Required action:
Your answer must be an exact transcription of every record below, with the pictures omitted.

Provided records:
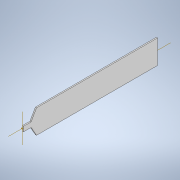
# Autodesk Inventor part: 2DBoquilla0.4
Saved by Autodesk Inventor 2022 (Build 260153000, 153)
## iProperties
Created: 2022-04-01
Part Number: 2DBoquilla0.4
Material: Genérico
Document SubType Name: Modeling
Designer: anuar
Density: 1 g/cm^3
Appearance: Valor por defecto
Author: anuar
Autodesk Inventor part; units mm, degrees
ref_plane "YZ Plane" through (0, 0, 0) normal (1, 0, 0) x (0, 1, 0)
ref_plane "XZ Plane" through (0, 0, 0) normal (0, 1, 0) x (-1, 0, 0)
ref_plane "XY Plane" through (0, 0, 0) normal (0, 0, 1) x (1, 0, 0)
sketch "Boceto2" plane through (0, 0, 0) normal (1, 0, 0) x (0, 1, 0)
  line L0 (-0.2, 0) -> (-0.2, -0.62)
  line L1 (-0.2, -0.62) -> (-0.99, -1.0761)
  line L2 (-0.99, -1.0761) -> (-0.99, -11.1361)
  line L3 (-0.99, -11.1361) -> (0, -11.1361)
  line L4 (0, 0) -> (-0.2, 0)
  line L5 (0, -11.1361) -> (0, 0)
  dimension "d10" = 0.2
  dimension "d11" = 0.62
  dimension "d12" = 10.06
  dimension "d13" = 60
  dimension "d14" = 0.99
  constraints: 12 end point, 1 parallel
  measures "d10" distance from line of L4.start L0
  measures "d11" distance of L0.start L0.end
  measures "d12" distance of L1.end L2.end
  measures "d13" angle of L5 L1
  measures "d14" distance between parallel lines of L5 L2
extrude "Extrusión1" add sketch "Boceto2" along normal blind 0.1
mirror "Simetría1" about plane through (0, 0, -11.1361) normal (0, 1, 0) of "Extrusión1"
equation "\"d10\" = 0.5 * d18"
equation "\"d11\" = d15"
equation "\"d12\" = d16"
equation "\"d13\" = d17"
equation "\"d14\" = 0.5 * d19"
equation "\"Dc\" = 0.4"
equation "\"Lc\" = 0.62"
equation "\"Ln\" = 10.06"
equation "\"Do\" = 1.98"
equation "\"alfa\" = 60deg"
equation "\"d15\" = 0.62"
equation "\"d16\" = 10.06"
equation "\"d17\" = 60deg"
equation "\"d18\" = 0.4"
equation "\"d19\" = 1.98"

Response for this exercise:
# Autodesk Inventor part: 2DBoquilla0.4
Saved by Autodesk Inventor 2022 (Build 260153000, 153)
## iProperties
Created: 2022-04-01
Part Number: 2DBoquilla0.4
Material: Genérico
Document SubType Name: Modeling
Designer: anuar
Density: 1 g/cm^3
Appearance: Valor por defecto
Author: anuar
Autodesk Inventor part; units mm, degrees
ref_plane "YZ Plane" through (0, 0, 0) normal (1, 0, 0) x (0, 1, 0)
ref_plane "XZ Plane" through (0, 0, 0) normal (0, 1, 0) x (-1, 0, 0)
ref_plane "XY Plane" through (0, 0, 0) normal (0, 0, 1) x (1, 0, 0)
sketch "Boceto2" plane through (0, 0, 0) normal (1, 0, 0) x (0, 1, 0)
  line L0 (-0.2, 0) -> (-0.2, -0.62)
  line L1 (-0.2, -0.62) -> (-0.99, -1.0761)
  line L2 (-0.99, -1.0761) -> (-0.99, -11.1361)
  line L3 (-0.99, -11.1361) -> (0, -11.1361)
  line L4 (0, 0) -> (-0.2, 0)
  line L5 (0, -11.1361) -> (0, 0)
  dimension "d10" = 0.2
  dimension "d11" = 0.62
  dimension "d12" = 10.06
  dimension "d13" = 60
  dimension "d14" = 0.99
  constraints: 12 end point, 1 parallel
  measures "d10" distance from line of L4.start L0
  measures "d11" distance of L0.start L0.end
  measures "d12" distance of L1.end L2.end
  measures "d13" angle of L5 L1
  measures "d14" distance between parallel lines of L5 L2
extrude "Extrusión1" add sketch "Boceto2" along normal blind 0.1
mirror "Simetría1" about plane through (0, 0, -11.1361) normal (0, 1, 0) of "Extrusión1"
equation "\"d10\" = 0.5 * d18"
equation "\"d11\" = d15"
equation "\"d12\" = d16"
equation "\"d13\" = d17"
equation "\"d14\" = 0.5 * d19"
equation "\"Dc\" = 0.4"
equation "\"Lc\" = 0.62"
equation "\"Ln\" = 10.06"
equation "\"Do\" = 1.98"
equation "\"alfa\" = 60deg"
equation "\"d15\" = 0.62"
equation "\"d16\" = 10.06"
equation "\"d17\" = 60deg"
equation "\"d18\" = 0.4"
equation "\"d19\" = 1.98"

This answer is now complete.